Provided records:
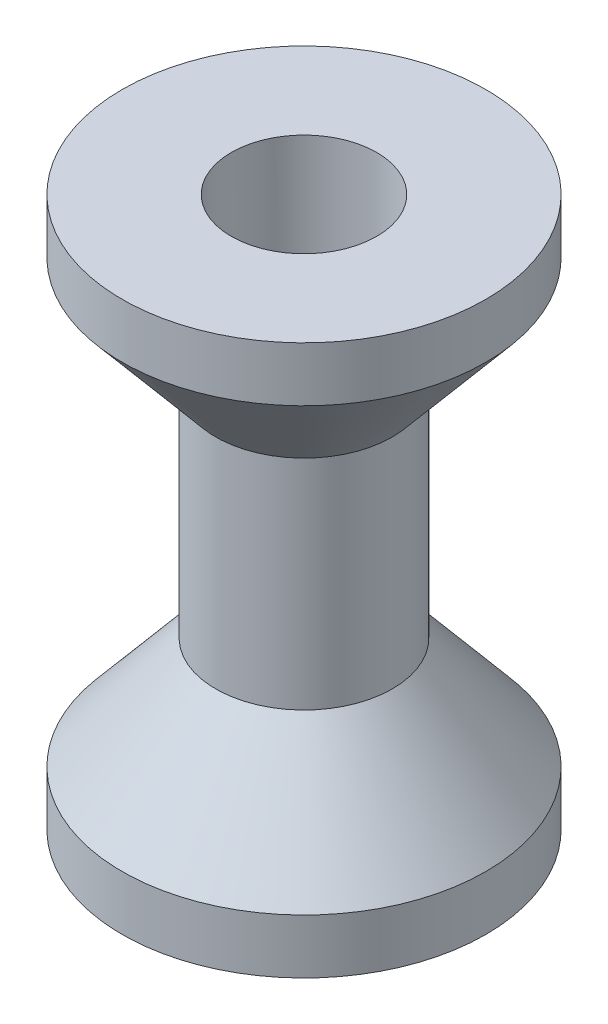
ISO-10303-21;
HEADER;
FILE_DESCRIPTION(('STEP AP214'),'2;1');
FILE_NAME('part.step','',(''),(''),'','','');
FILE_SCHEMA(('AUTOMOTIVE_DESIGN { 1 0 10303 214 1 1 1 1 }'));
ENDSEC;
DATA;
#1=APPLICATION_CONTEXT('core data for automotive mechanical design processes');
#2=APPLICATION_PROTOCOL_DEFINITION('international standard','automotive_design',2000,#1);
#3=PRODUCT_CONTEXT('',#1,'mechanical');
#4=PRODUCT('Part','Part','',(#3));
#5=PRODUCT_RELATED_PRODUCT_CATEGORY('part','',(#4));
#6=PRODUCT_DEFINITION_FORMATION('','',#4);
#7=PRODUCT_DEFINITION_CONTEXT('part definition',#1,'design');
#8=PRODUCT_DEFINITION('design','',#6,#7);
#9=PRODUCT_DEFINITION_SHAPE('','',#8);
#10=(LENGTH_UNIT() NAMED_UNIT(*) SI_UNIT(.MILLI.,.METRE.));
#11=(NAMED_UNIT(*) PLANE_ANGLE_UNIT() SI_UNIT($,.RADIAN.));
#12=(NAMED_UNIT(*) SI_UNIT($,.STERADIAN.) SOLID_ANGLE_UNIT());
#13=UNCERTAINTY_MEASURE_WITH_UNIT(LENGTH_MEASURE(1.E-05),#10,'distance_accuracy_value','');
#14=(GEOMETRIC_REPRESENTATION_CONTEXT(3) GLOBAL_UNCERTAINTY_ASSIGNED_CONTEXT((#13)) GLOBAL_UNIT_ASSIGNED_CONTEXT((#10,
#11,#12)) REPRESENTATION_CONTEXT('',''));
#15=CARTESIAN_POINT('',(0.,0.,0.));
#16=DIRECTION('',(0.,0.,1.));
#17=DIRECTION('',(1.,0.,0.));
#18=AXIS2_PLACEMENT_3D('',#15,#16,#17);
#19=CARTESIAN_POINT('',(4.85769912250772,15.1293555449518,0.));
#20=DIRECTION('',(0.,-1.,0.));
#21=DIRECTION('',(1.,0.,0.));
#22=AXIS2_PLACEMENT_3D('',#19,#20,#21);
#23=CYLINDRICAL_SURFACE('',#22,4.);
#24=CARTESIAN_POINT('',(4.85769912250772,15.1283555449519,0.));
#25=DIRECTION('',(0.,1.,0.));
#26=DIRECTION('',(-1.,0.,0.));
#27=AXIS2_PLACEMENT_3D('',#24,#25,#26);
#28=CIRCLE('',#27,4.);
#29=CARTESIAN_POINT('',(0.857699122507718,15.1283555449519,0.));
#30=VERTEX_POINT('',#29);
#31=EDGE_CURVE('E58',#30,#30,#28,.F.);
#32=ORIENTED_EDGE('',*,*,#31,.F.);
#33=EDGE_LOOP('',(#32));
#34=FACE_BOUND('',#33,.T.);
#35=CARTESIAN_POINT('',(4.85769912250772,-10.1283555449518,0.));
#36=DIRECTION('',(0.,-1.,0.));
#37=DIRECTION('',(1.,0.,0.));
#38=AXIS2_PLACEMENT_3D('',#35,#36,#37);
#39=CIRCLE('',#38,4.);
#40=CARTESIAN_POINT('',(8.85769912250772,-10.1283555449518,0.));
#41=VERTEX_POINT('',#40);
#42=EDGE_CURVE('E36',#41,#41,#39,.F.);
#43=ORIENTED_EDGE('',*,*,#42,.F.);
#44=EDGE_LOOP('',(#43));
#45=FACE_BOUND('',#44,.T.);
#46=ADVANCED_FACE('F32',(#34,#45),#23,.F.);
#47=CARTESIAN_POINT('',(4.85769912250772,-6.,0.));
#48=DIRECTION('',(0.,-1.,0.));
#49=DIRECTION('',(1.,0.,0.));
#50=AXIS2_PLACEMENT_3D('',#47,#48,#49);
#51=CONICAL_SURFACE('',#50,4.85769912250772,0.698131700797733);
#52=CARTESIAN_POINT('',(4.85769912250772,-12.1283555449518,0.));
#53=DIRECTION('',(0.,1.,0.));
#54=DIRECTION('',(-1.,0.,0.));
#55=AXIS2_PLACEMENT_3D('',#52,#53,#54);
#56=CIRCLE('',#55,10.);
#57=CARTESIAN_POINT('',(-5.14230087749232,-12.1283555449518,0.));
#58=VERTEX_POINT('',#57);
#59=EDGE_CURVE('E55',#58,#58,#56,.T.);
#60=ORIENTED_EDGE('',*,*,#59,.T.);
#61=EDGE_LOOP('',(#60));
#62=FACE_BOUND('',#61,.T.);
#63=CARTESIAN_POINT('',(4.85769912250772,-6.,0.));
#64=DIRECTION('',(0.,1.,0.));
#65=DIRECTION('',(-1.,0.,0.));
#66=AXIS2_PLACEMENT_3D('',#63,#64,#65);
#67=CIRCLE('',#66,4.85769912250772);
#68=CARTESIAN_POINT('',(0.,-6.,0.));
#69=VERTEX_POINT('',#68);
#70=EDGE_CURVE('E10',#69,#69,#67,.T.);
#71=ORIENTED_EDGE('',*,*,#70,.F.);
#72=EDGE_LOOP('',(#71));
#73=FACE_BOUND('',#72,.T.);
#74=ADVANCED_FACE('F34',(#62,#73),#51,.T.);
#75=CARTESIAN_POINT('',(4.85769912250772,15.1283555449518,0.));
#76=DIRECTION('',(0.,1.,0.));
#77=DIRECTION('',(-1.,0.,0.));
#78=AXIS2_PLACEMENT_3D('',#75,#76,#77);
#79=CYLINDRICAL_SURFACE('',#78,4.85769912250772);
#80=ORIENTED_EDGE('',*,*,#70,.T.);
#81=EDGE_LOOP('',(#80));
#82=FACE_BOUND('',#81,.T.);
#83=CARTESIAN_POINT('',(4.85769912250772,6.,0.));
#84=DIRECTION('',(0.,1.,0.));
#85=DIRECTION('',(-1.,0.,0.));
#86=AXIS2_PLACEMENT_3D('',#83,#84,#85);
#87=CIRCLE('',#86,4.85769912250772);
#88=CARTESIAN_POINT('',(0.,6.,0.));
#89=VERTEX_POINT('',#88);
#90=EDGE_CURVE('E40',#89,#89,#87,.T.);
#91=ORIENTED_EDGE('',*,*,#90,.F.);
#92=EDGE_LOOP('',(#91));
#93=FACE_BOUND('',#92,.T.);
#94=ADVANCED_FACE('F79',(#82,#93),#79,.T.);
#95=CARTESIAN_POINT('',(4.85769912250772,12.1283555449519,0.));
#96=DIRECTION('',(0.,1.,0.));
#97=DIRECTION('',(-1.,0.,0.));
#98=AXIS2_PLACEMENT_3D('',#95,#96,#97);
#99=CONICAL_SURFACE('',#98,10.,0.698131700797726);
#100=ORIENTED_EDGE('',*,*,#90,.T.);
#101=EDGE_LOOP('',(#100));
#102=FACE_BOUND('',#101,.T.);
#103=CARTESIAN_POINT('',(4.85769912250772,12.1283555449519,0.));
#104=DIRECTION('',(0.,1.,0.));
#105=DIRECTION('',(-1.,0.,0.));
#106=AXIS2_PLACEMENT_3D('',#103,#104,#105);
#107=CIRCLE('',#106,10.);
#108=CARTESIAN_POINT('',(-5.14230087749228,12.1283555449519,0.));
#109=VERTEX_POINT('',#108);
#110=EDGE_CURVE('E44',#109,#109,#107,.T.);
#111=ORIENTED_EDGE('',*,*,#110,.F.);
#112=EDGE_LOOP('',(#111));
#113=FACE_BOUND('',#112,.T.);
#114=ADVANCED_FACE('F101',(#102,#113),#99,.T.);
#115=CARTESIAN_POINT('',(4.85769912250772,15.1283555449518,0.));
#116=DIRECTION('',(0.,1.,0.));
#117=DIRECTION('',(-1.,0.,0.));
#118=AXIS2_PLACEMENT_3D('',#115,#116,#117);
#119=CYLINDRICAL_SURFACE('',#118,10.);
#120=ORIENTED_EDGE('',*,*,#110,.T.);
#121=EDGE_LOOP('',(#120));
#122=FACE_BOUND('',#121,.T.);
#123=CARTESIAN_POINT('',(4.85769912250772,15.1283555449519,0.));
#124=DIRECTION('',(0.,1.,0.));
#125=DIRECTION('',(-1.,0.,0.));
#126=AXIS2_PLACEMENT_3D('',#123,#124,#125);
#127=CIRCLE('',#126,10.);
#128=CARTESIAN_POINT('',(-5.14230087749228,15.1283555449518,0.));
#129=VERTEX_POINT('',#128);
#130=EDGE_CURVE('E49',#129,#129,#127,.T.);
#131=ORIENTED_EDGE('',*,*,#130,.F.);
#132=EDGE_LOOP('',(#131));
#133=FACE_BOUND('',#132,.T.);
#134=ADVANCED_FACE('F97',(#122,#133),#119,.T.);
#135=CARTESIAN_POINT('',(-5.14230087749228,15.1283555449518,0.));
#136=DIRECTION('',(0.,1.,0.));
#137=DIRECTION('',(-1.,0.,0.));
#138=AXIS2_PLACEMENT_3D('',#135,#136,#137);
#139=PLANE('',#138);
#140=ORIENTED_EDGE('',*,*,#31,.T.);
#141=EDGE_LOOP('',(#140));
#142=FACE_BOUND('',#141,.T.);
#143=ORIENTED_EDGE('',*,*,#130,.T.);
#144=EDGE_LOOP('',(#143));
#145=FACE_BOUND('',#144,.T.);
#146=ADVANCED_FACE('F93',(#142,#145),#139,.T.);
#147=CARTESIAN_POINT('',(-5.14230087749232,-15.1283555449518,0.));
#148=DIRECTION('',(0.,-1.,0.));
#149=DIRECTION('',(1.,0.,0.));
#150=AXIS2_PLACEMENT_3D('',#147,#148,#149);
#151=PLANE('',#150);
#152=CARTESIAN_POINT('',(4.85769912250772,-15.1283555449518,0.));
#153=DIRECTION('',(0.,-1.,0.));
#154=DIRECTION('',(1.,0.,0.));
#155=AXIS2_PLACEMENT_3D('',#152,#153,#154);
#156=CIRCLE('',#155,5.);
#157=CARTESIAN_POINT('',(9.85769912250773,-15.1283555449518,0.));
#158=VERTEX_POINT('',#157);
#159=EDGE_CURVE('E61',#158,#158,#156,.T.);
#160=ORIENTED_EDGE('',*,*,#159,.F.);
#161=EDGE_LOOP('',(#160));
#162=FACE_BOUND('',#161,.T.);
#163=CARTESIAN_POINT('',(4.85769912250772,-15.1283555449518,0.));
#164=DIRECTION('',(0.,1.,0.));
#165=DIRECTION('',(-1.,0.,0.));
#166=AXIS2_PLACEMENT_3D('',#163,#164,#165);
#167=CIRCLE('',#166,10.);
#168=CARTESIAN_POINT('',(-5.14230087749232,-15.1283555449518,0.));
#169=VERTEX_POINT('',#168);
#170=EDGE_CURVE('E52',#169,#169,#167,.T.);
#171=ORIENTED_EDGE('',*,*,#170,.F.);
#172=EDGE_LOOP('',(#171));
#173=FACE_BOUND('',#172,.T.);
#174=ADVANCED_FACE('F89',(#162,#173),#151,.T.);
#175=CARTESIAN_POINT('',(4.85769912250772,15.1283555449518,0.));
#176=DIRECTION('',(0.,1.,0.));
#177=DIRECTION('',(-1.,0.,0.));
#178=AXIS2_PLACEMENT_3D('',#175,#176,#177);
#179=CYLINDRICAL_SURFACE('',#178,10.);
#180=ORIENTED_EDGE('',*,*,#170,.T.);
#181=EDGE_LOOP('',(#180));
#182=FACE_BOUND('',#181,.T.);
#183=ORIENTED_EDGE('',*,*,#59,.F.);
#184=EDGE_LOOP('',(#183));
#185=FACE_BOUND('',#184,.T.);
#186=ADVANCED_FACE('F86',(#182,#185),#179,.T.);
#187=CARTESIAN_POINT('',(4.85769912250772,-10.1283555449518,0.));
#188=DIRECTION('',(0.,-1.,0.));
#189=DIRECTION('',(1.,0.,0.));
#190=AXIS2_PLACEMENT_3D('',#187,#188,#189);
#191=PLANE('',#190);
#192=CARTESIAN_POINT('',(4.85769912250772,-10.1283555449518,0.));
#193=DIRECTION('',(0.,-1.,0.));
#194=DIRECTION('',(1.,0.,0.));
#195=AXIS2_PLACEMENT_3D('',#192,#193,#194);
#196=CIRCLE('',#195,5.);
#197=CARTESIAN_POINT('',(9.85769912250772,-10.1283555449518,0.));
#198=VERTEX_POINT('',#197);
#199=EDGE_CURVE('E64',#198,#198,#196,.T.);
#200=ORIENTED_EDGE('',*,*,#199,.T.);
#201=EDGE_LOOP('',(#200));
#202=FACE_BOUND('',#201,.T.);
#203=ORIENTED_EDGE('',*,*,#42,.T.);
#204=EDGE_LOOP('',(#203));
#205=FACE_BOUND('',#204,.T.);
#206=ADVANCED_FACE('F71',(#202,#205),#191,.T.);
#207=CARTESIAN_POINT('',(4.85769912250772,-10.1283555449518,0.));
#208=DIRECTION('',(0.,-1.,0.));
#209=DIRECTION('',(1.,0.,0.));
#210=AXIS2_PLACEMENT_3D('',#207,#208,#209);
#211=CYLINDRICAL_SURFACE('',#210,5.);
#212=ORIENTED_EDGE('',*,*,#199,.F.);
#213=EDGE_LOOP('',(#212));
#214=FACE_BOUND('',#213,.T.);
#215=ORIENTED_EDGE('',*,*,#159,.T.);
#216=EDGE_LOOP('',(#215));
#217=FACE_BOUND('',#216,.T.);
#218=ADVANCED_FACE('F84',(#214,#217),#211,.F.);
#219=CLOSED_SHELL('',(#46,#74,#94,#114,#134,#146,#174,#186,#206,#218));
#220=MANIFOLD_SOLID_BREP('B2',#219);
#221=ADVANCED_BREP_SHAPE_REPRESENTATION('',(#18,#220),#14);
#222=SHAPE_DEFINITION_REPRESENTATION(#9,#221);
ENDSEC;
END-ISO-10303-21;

About this exercise: All lines above between those holding "#32=ORIENTED_EDGE('',*,*,#31,.F.);" and "#74=ADVANCED_FACE('F34',(#62,#73),#51,.T.);", inclusive, must be set down unchanged, and no other line may be included.

Answer to the exercise:
#32=ORIENTED_EDGE('',*,*,#31,.F.);
#33=EDGE_LOOP('',(#32));
#34=FACE_BOUND('',#33,.T.);
#35=CARTESIAN_POINT('',(4.85769912250772,-10.1283555449518,0.));
#36=DIRECTION('',(0.,-1.,0.));
#37=DIRECTION('',(1.,0.,0.));
#38=AXIS2_PLACEMENT_3D('',#35,#36,#37);
#39=CIRCLE('',#38,4.);
#40=CARTESIAN_POINT('',(8.85769912250772,-10.1283555449518,0.));
#41=VERTEX_POINT('',#40);
#42=EDGE_CURVE('E36',#41,#41,#39,.F.);
#43=ORIENTED_EDGE('',*,*,#42,.F.);
#44=EDGE_LOOP('',(#43));
#45=FACE_BOUND('',#44,.T.);
#46=ADVANCED_FACE('F32',(#34,#45),#23,.F.);
#47=CARTESIAN_POINT('',(4.85769912250772,-6.,0.));
#48=DIRECTION('',(0.,-1.,0.));
#49=DIRECTION('',(1.,0.,0.));
#50=AXIS2_PLACEMENT_3D('',#47,#48,#49);
#51=CONICAL_SURFACE('',#50,4.85769912250772,0.698131700797733);
#52=CARTESIAN_POINT('',(4.85769912250772,-12.1283555449518,0.));
#53=DIRECTION('',(0.,1.,0.));
#54=DIRECTION('',(-1.,0.,0.));
#55=AXIS2_PLACEMENT_3D('',#52,#53,#54);
#56=CIRCLE('',#55,10.);
#57=CARTESIAN_POINT('',(-5.14230087749232,-12.1283555449518,0.));
#58=VERTEX_POINT('',#57);
#59=EDGE_CURVE('E55',#58,#58,#56,.T.);
#60=ORIENTED_EDGE('',*,*,#59,.T.);
#61=EDGE_LOOP('',(#60));
#62=FACE_BOUND('',#61,.T.);
#63=CARTESIAN_POINT('',(4.85769912250772,-6.,0.));
#64=DIRECTION('',(0.,1.,0.));
#65=DIRECTION('',(-1.,0.,0.));
#66=AXIS2_PLACEMENT_3D('',#63,#64,#65);
#67=CIRCLE('',#66,4.85769912250772);
#68=CARTESIAN_POINT('',(0.,-6.,0.));
#69=VERTEX_POINT('',#68);
#70=EDGE_CURVE('E10',#69,#69,#67,.T.);
#71=ORIENTED_EDGE('',*,*,#70,.F.);
#72=EDGE_LOOP('',(#71));
#73=FACE_BOUND('',#72,.T.);
#74=ADVANCED_FACE('F34',(#62,#73),#51,.T.);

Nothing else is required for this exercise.